Records
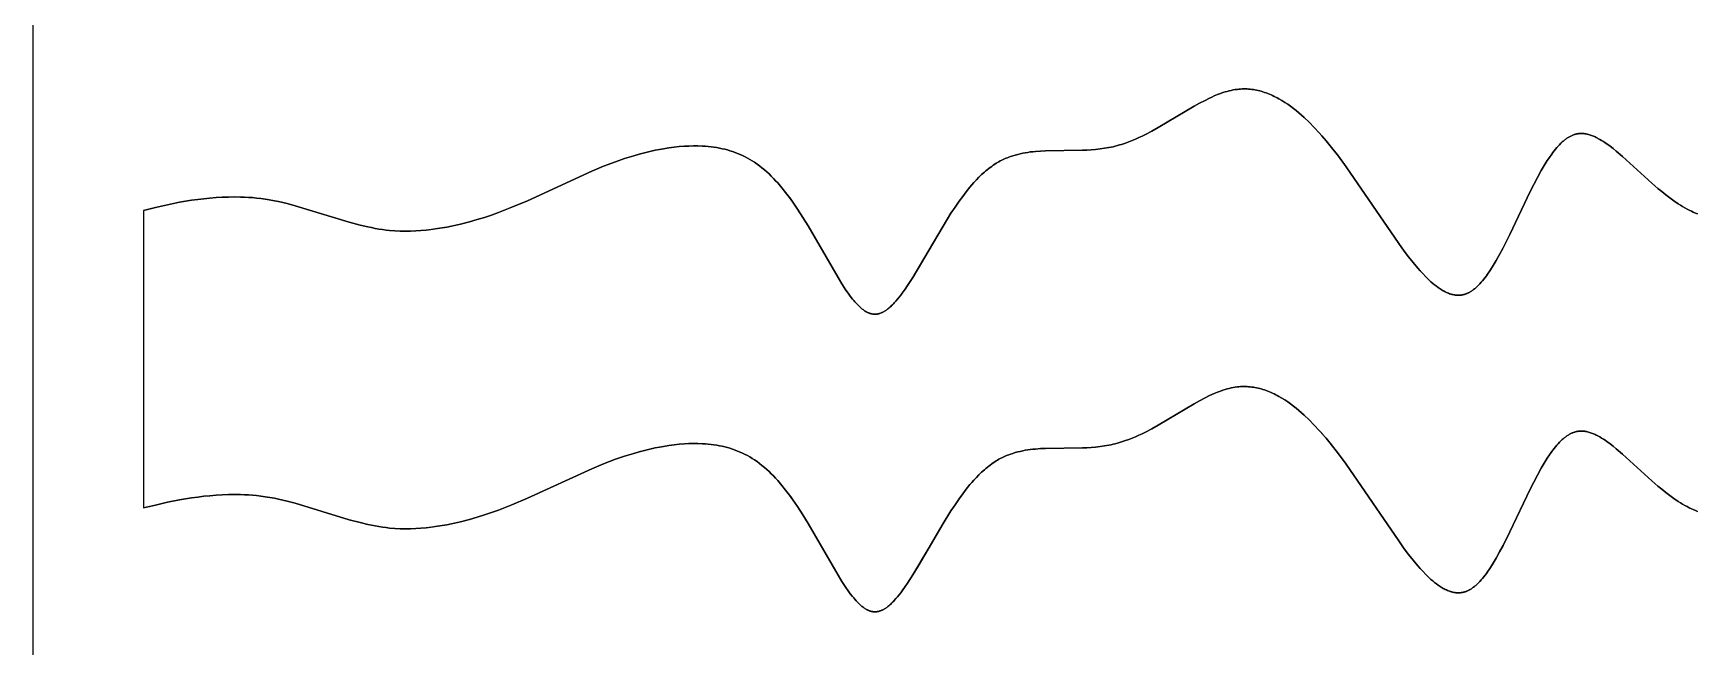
# Model space of a CAD drawing. Header units: feet. Extents: x 0 to 1.5, y 93.18 to 96.08.
# Drawn here: x 0 to 0.375, y 93.8892 to 94.0275 of the extents above; entities that cross this region are included whole.
import ezdxf

# ---------------------------------------------------------------- set-up
doc = ezdxf.new("R2010")
doc.units = ezdxf.units.FT
doc.header["$MEASUREMENT"] = 0
doc.layers.add('Default', color=7, linetype='Continuous', true_color=0x000000)

msp = doc.modelspace()

# ---------------------------------------------------------------- linework, layer by layer
at = {"layer": 'Default'}
msp.add_lwpolyline([(0, 96), (1.5, 96), (1.5, 93.33333), (0, 93.33333)], close=True, dxfattribs=at)
for points in [[(0.02485, 93.98759), (0.02754, 93.98826), (0.03024, 93.98887), (0.03296, 93.98941), (0.0357, 93.98987), (0.03707, 93.99006), (0.03844, 93.99023), (0.03982, 93.99037), (0.04121, 93.99048), (0.04259, 93.99056), (0.04398, 93.99061), (0.04536, 93.99063), (0.04675, 93.99061), (0.04764, 93.99057), (0.04854, 93.99052), (0.04943, 93.99046), (0.05032, 93.99038), (0.0513, 93.99027), (0.05277, 93.99006), (0.05437, 93.98977), (0.05531, 93.98958), (0.0572, 93.98914), (0.05907, 93.98865), (0.07119, 93.98496), (0.07371, 93.98428), (0.0754, 93.98388), (0.07624, 93.9837), (0.0771, 93.98354), (0.0779, 93.98339), (0.07871, 93.98327), (0.07952, 93.98316), (0.08034, 93.98307), (0.08151, 93.98298), (0.08269, 93.98292), (0.08387, 93.9829), (0.08505, 93.98291), (0.08622, 93.98296), (0.0874, 93.98304), (0.08857, 93.98314), (0.09012, 93.98332), (0.09116, 93.98347), (0.09219, 93.98364), (0.09323, 93.98383), (0.09426, 93.98403), (0.09632, 93.98449), (0.09835, 93.98502), (0.1001, 93.98552), (0.10169, 93.98602), (0.10328, 93.98655), (0.10486, 93.98711), (0.10791, 93.98829), (0.11141, 93.98978), (0.12592, 93.99644), (0.12857, 93.99754), (0.13126, 93.99856), (0.13331, 93.99927), (0.13537, 93.99992), (0.13658, 94.00026), (0.13779, 94.00058), (0.139, 94.00087), (0.14022, 94.00114), (0.14115, 94.00133), (0.14208, 94.00149), (0.14326, 94.00168), (0.14446, 94.00184), (0.14563, 94.00197), (0.14681, 94.00206), (0.14782, 94.00211), (0.14884, 94.00214), (0.14985, 94.00213), (0.15087, 94.00209), (0.15152, 94.00205), (0.15217, 94.00199), (0.15281, 94.00192), (0.15345, 94.00184), (0.15407, 94.00174), (0.15468, 94.00163), (0.15528, 94.0015), (0.15588, 94.00137), (0.15647, 94.00121), (0.15706, 94.00104), (0.15764, 94.00086), (0.15822, 94.00065), (0.15879, 94.00044), (0.15935, 94.0002), (0.15991, 93.99995), (0.16046, 93.99969), (0.16101, 93.9994), (0.16154, 93.9991), (0.16208, 93.99878), (0.1626, 93.99844), (0.16317, 93.99805), (0.16373, 93.99763), (0.16428, 93.9972), (0.16482, 93.99675), (0.16534, 93.99629), (0.16586, 93.99581), (0.16637, 93.99531), (0.16686, 93.99481), (0.16735, 93.99429), (0.16782, 93.99377), (0.16874, 93.9927), (0.16961, 93.99161), (0.17075, 93.9901), (0.17123, 93.98943), (0.17228, 93.98789), (0.17349, 93.98601), (0.17467, 93.98409), (0.18142, 93.97243), (0.18227, 93.97105), (0.1832, 93.96963), (0.18369, 93.96893), (0.18419, 93.96826), (0.18469, 93.9676), (0.18495, 93.96729), (0.1852, 93.96699), (0.18552, 93.96664), (0.1858, 93.96634), (0.18609, 93.96604), (0.18624, 93.9659), (0.1864, 93.96576), (0.18656, 93.96561), (0.18672, 93.96548), (0.18689, 93.96534), (0.18705, 93.96521), (0.18722, 93.96509), (0.1874, 93.96497), (0.18757, 93.96486), (0.18775, 93.96475), (0.18784, 93.9647), (0.18793, 93.96465), (0.18803, 93.9646), (0.18812, 93.96456), (0.1882, 93.96452), (0.18828, 93.96449), (0.18836, 93.96445), (0.18844, 93.96442), (0.18852, 93.96439), (0.18861, 93.96436), (0.18869, 93.96434), (0.18878, 93.96431), (0.18889, 93.96428), (0.18901, 93.96425), (0.18913, 93.96423), (0.18924, 93.96421), (0.1893, 93.9642), (0.18936, 93.96419), (0.18942, 93.96419), (0.18948, 93.96418), (0.18954, 93.96418), (0.1896, 93.96417), (0.18966, 93.96417), (0.18972, 93.96417), (0.1898, 93.96417), (0.18987, 93.96418), (0.18994, 93.96418), (0.19002, 93.96418), (0.19009, 93.96419), (0.19016, 93.9642), (0.19023, 93.96421), (0.1903, 93.96422), (0.19038, 93.96424), (0.19045, 93.96425), (0.19052, 93.96427), (0.19059, 93.96428), (0.19066, 93.9643), (0.19073, 93.96432), (0.1908, 93.96434), (0.19087, 93.96437), (0.19101, 93.96441), (0.19114, 93.96447), (0.19128, 93.96453), (0.19141, 93.96459), (0.19154, 93.96465), (0.19167, 93.96472), (0.1918, 93.96479), (0.19192, 93.96487), (0.19205, 93.96494), (0.19217, 93.96502), (0.19228, 93.9651), (0.1924, 93.96518), (0.19263, 93.96536), (0.19286, 93.96554), (0.19308, 93.96573), (0.1933, 93.96592), (0.19351, 93.96612), (0.19371, 93.96632), (0.19391, 93.96652), (0.1941, 93.96672), (0.19448, 93.96714), (0.19485, 93.96758), (0.19521, 93.96803), (0.19557, 93.96848), (0.19591, 93.96894), (0.19656, 93.96986), (0.1971, 93.97066), (0.19828, 93.97249), (0.20171, 93.9783), (0.20509, 93.98407), (0.20688, 93.98693), (0.2078, 93.98832), (0.20874, 93.98968), (0.20952, 93.99075), (0.21033, 93.99181), (0.21117, 93.99285), (0.21161, 93.99336), (0.21205, 93.99385), (0.21261, 93.99446), (0.21319, 93.99506), (0.2138, 93.99565), (0.21442, 93.99621), (0.21474, 93.99649), (0.21506, 93.99675), (0.21539, 93.99702), (0.21572, 93.99727), (0.21606, 93.99752), (0.2164, 93.99776), (0.21674, 93.99799), (0.2171, 93.99821), (0.21739, 93.99839), (0.21769, 93.99856), (0.218, 93.99873), (0.21831, 93.99889), (0.21863, 93.99905), (0.21895, 93.9992), (0.21927, 93.99934), (0.2196, 93.99947), (0.21993, 93.9996), (0.22027, 93.99972), (0.22081, 93.99991), (0.22137, 94.00008), (0.22192, 94.00023), (0.22248, 94.00036), (0.22305, 94.00048), (0.22361, 94.00059), (0.22418, 94.00068), (0.22476, 94.00076), (0.22533, 94.00083), (0.2259, 94.00089), (0.22705, 94.00098), (0.2282, 94.00103), (0.23651, 94.00115), (0.23751, 94.00119), (0.23851, 94.00125), (0.2395, 94.00134), (0.24049, 94.00145), (0.24148, 94.00159), (0.24247, 94.00176), (0.24296, 94.00186), (0.24345, 94.00196), (0.24393, 94.00208), (0.24442, 94.00221), (0.24487, 94.00234), (0.24532, 94.00247), (0.24621, 94.00277), (0.24697, 94.00305), (0.24773, 94.00335), (0.24848, 94.00366), (0.24923, 94.004), (0.24997, 94.00435), (0.2507, 94.00471), (0.25214, 94.00546), (0.25356, 94.00625), (0.26173, 94.0111), (0.26294, 94.01177), (0.26416, 94.01241), (0.26519, 94.01292), (0.26571, 94.01316), (0.26623, 94.0134), (0.26694, 94.01369), (0.26765, 94.01396), (0.2682, 94.01415), (0.26866, 94.01429), (0.26911, 94.01443), (0.26957, 94.01455), (0.27004, 94.01466), (0.2705, 94.01475), (0.27097, 94.01483), (0.27145, 94.01489), (0.27181, 94.01493), (0.27217, 94.01496), (0.27254, 94.01497), (0.2729, 94.01498), (0.27326, 94.01498), (0.27362, 94.01497), (0.27398, 94.01495), (0.27434, 94.01491), (0.2747, 94.01487), (0.27506, 94.01482), (0.27541, 94.01476), (0.27577, 94.0147), (0.27612, 94.01462), (0.27648, 94.01453), (0.27683, 94.01444), (0.27718, 94.01433), (0.27756, 94.01421), (0.27793, 94.01408), (0.2783, 94.01395), (0.27867, 94.0138), (0.27903, 94.01365), (0.27939, 94.01348), (0.27975, 94.01331), (0.2801, 94.01314), (0.28045, 94.01295), (0.2808, 94.01276), (0.28148, 94.01237), (0.28215, 94.01195), (0.2828, 94.01151), (0.28344, 94.01106), (0.28407, 94.01058), (0.28469, 94.01009), (0.2853, 94.00959), (0.2859, 94.00907), (0.28649, 94.00855), (0.28762, 94.00746), (0.28879, 94.00628), (0.28992, 94.00506), (0.29047, 94.00444), (0.2905, 94.00441), (0.29145, 94.00331), (0.29238, 94.00217), (0.29422, 93.99983), (0.296, 93.99744), (0.30781, 93.98016), (0.30908, 93.97841), (0.31006, 93.97711), (0.31108, 93.97582), (0.31214, 93.97455), (0.31268, 93.97393), (0.31322, 93.97334), (0.31394, 93.97258), (0.31432, 93.97221), (0.3147, 93.97185), (0.31509, 93.97149), (0.31549, 93.97114), (0.31589, 93.9708), (0.3163, 93.97048), (0.31672, 93.97018), (0.31694, 93.97003), (0.31716, 93.96988), (0.31738, 93.96974), (0.31761, 93.9696), (0.31784, 93.96946), (0.31808, 93.96934), (0.31831, 93.96921), (0.31856, 93.9691), (0.3188, 93.96899), (0.31904, 93.96889), (0.31929, 93.9688), (0.31942, 93.96876), (0.31954, 93.96872), (0.31967, 93.96868), (0.3198, 93.96865), (0.31992, 93.96862), (0.32005, 93.96859), (0.32026, 93.96855), (0.32036, 93.96853), (0.32046, 93.96851), (0.32056, 93.9685), (0.32066, 93.96849), (0.32076, 93.96848), (0.32086, 93.96847), (0.32096, 93.96846), (0.32106, 93.96846), (0.32116, 93.96846), (0.32126, 93.96845), (0.32136, 93.96846), (0.32146, 93.96846), (0.32156, 93.96846), (0.32166, 93.96847), (0.32176, 93.96848), (0.32186, 93.96849), (0.32196, 93.9685), (0.32205, 93.96852), (0.32215, 93.96854), (0.32225, 93.96856), (0.32235, 93.96858), (0.32245, 93.9686), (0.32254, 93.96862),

The problem
Using the listing above, pull out all lines that hold the word "Default".

Reply
doc.layers.add('Default', color=7, linetype='Continuous', true_color=0x000000)
at = {"layer": 'Default'}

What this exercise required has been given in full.